Task to carry out
The answer should be the lines from the one with "#207=VERTEX_POINT('',#206);" through the final line of the entries, restated word for word.
-------- Exercise data
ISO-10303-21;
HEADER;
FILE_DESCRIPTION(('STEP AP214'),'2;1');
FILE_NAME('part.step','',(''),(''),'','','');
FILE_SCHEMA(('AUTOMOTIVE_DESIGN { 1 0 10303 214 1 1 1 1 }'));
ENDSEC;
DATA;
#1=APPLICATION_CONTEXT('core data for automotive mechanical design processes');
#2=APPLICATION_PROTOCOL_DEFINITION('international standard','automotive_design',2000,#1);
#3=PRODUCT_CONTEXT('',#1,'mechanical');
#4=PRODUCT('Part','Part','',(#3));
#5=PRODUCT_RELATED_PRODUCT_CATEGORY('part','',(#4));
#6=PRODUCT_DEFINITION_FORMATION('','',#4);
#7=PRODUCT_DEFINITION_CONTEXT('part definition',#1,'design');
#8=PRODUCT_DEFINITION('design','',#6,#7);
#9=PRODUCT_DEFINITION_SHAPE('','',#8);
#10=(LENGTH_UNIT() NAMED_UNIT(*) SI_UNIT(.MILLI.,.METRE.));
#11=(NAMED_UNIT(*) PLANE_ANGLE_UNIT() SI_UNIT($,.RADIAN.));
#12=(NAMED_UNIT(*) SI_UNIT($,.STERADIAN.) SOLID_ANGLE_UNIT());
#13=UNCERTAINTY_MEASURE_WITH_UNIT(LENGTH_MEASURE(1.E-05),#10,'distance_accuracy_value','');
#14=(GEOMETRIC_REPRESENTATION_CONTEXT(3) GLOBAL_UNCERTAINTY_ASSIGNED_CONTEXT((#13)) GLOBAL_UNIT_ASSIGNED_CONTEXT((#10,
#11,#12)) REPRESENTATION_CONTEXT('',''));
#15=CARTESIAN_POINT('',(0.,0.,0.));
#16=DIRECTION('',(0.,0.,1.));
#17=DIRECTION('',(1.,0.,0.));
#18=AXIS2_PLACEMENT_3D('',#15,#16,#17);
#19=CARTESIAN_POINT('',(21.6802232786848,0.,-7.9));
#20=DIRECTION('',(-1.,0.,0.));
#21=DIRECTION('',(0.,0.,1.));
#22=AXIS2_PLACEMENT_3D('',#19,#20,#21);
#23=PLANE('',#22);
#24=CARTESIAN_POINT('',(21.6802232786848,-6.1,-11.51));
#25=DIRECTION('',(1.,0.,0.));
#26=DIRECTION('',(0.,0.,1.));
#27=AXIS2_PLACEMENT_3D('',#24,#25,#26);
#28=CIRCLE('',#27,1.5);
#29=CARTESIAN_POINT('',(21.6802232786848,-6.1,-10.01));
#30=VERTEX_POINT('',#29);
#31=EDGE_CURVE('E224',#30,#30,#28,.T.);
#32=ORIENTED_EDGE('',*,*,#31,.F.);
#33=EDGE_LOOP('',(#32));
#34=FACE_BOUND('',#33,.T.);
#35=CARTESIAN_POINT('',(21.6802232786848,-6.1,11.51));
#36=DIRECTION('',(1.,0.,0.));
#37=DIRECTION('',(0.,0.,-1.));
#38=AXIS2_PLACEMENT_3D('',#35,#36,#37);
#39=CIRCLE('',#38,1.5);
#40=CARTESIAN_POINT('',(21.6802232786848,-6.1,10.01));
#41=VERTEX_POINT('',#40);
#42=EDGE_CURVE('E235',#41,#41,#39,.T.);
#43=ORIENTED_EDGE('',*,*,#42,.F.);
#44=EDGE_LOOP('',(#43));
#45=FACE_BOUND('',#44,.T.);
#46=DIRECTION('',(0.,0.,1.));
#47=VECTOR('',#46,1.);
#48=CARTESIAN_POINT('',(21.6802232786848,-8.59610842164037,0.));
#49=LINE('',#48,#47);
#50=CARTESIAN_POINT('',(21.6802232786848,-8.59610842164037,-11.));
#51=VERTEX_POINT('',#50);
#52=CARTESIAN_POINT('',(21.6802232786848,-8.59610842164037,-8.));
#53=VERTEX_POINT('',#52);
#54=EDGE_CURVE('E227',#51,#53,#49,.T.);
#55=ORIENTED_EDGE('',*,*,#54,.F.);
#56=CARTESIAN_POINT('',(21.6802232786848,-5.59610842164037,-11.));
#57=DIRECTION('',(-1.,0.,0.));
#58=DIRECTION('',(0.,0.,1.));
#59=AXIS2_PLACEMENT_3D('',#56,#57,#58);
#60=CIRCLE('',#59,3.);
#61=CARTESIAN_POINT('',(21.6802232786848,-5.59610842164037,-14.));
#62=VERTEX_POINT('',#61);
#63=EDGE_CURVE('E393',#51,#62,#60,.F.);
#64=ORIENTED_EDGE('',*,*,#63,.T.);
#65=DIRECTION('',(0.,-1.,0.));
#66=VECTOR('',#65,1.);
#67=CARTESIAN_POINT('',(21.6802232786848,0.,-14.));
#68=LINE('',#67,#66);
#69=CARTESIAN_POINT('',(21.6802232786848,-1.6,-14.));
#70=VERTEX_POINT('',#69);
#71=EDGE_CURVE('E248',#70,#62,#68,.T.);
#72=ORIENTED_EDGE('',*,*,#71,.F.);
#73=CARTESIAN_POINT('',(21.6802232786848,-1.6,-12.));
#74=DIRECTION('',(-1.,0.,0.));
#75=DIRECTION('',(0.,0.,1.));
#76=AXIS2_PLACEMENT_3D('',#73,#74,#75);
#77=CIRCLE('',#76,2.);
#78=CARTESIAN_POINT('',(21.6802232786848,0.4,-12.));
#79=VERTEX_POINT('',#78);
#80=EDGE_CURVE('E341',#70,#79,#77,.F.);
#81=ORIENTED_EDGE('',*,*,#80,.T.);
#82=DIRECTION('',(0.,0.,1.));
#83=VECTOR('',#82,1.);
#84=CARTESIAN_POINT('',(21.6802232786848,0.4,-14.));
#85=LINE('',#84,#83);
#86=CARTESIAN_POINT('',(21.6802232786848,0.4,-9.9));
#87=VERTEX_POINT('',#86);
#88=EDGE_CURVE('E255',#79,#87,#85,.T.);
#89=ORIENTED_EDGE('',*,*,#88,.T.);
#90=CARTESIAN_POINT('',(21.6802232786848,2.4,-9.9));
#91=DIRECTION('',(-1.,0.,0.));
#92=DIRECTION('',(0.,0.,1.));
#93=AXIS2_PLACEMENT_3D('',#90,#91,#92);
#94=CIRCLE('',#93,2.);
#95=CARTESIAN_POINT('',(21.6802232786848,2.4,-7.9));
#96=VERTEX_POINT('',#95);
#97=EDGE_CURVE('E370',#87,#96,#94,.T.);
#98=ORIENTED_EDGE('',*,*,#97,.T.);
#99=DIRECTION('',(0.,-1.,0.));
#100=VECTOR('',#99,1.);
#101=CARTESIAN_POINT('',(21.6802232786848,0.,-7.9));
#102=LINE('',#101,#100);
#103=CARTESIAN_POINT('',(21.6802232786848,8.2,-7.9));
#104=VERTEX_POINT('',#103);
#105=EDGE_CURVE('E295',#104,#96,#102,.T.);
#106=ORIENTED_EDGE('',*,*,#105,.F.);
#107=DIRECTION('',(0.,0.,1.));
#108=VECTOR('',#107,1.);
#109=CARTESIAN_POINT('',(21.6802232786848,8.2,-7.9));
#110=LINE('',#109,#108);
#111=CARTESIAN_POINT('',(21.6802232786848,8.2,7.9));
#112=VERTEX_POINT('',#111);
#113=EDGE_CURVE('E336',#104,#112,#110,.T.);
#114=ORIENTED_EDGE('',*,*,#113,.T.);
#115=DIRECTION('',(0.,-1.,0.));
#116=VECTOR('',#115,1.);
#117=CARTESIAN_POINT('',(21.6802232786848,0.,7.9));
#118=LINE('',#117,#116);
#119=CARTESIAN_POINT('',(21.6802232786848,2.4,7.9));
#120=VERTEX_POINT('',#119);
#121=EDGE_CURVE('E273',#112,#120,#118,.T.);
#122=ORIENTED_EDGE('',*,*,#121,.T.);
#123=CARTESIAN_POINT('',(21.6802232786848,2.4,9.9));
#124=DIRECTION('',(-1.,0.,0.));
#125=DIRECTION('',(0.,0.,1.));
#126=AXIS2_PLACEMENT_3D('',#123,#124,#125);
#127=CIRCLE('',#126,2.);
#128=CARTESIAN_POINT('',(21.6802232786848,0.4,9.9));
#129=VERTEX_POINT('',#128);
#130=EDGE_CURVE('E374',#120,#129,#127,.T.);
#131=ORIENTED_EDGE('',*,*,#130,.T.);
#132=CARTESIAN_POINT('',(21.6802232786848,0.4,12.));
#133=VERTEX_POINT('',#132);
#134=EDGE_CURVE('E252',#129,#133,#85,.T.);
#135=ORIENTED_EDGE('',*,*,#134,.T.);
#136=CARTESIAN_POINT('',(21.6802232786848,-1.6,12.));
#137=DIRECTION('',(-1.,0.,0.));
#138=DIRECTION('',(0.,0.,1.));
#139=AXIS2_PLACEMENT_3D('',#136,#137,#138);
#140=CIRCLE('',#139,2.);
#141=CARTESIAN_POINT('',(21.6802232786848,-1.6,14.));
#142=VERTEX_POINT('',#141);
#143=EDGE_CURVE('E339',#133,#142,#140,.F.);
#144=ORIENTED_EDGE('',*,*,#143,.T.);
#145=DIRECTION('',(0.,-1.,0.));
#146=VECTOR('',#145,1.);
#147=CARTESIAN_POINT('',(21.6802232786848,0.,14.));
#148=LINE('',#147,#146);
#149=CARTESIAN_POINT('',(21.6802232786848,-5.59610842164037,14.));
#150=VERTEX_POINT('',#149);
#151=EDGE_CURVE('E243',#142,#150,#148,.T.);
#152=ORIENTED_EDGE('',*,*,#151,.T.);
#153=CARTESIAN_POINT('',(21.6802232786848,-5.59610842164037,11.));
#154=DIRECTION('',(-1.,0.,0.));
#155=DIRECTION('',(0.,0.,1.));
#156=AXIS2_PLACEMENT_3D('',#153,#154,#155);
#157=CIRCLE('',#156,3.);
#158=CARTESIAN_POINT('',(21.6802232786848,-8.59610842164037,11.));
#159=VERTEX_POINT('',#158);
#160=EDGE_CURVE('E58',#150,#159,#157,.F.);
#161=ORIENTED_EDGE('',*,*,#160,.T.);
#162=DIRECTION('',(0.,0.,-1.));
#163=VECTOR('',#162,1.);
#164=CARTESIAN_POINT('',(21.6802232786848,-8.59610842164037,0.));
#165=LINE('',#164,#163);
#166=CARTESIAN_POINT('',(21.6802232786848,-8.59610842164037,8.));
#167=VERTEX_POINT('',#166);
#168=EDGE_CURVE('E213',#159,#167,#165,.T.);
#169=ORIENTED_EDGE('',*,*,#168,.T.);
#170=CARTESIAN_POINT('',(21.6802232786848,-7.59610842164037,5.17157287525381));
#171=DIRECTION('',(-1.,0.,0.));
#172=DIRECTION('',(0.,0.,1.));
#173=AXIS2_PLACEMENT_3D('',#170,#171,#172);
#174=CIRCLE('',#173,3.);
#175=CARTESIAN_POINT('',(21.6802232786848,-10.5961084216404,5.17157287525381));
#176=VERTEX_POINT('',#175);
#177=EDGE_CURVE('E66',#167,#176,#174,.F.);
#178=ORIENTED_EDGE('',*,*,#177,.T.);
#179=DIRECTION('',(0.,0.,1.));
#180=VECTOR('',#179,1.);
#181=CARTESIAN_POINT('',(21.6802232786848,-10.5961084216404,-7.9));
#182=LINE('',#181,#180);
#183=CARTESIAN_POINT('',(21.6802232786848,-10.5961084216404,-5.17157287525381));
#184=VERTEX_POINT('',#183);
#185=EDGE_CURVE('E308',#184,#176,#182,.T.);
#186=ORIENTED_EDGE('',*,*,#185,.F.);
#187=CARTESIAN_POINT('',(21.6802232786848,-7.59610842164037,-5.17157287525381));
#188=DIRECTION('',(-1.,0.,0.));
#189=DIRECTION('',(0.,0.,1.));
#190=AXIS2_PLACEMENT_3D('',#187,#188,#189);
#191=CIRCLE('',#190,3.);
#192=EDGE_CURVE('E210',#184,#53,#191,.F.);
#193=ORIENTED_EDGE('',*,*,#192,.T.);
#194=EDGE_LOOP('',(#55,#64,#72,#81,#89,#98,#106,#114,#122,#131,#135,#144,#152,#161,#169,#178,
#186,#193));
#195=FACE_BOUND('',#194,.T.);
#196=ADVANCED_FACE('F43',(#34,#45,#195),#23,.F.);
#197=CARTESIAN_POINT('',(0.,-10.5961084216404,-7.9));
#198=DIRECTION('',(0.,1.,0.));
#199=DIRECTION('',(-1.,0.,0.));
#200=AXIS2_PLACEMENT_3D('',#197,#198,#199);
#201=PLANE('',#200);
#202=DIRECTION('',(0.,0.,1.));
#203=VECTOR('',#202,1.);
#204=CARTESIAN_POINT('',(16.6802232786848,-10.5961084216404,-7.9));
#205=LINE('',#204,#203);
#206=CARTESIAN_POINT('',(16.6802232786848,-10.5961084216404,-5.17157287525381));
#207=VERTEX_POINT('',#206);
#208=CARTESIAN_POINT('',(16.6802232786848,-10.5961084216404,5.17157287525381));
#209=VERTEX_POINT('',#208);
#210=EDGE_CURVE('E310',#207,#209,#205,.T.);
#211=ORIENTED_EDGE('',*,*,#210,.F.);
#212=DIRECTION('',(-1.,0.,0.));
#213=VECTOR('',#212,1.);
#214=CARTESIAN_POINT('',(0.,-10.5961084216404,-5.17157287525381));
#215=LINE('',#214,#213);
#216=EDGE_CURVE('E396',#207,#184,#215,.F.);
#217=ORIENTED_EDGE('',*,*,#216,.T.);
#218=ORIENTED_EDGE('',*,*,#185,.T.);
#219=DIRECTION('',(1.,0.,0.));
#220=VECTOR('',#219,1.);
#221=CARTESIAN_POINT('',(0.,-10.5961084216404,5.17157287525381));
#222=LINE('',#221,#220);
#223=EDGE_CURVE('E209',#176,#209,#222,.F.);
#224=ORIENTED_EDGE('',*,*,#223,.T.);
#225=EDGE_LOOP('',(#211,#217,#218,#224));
----------------
Your solution
#207=VERTEX_POINT('',#206);
#208=CARTESIAN_POINT('',(16.6802232786848,-10.5961084216404,5.17157287525381));
#209=VERTEX_POINT('',#208);
#210=EDGE_CURVE('E310',#207,#209,#205,.T.);
#211=ORIENTED_EDGE('',*,*,#210,.F.);
#212=DIRECTION('',(-1.,0.,0.));
#213=VECTOR('',#212,1.);
#214=CARTESIAN_POINT('',(0.,-10.5961084216404,-5.17157287525381));
#215=LINE('',#214,#213);
#216=EDGE_CURVE('E396',#207,#184,#215,.F.);
#217=ORIENTED_EDGE('',*,*,#216,.T.);
#218=ORIENTED_EDGE('',*,*,#185,.T.);
#219=DIRECTION('',(1.,0.,0.));
#220=VECTOR('',#219,1.);
#221=CARTESIAN_POINT('',(0.,-10.5961084216404,5.17157287525381));
#222=LINE('',#221,#220);
#223=EDGE_CURVE('E209',#176,#209,#222,.F.);
#224=ORIENTED_EDGE('',*,*,#223,.T.);
#225=EDGE_LOOP('',(#211,#217,#218,#224));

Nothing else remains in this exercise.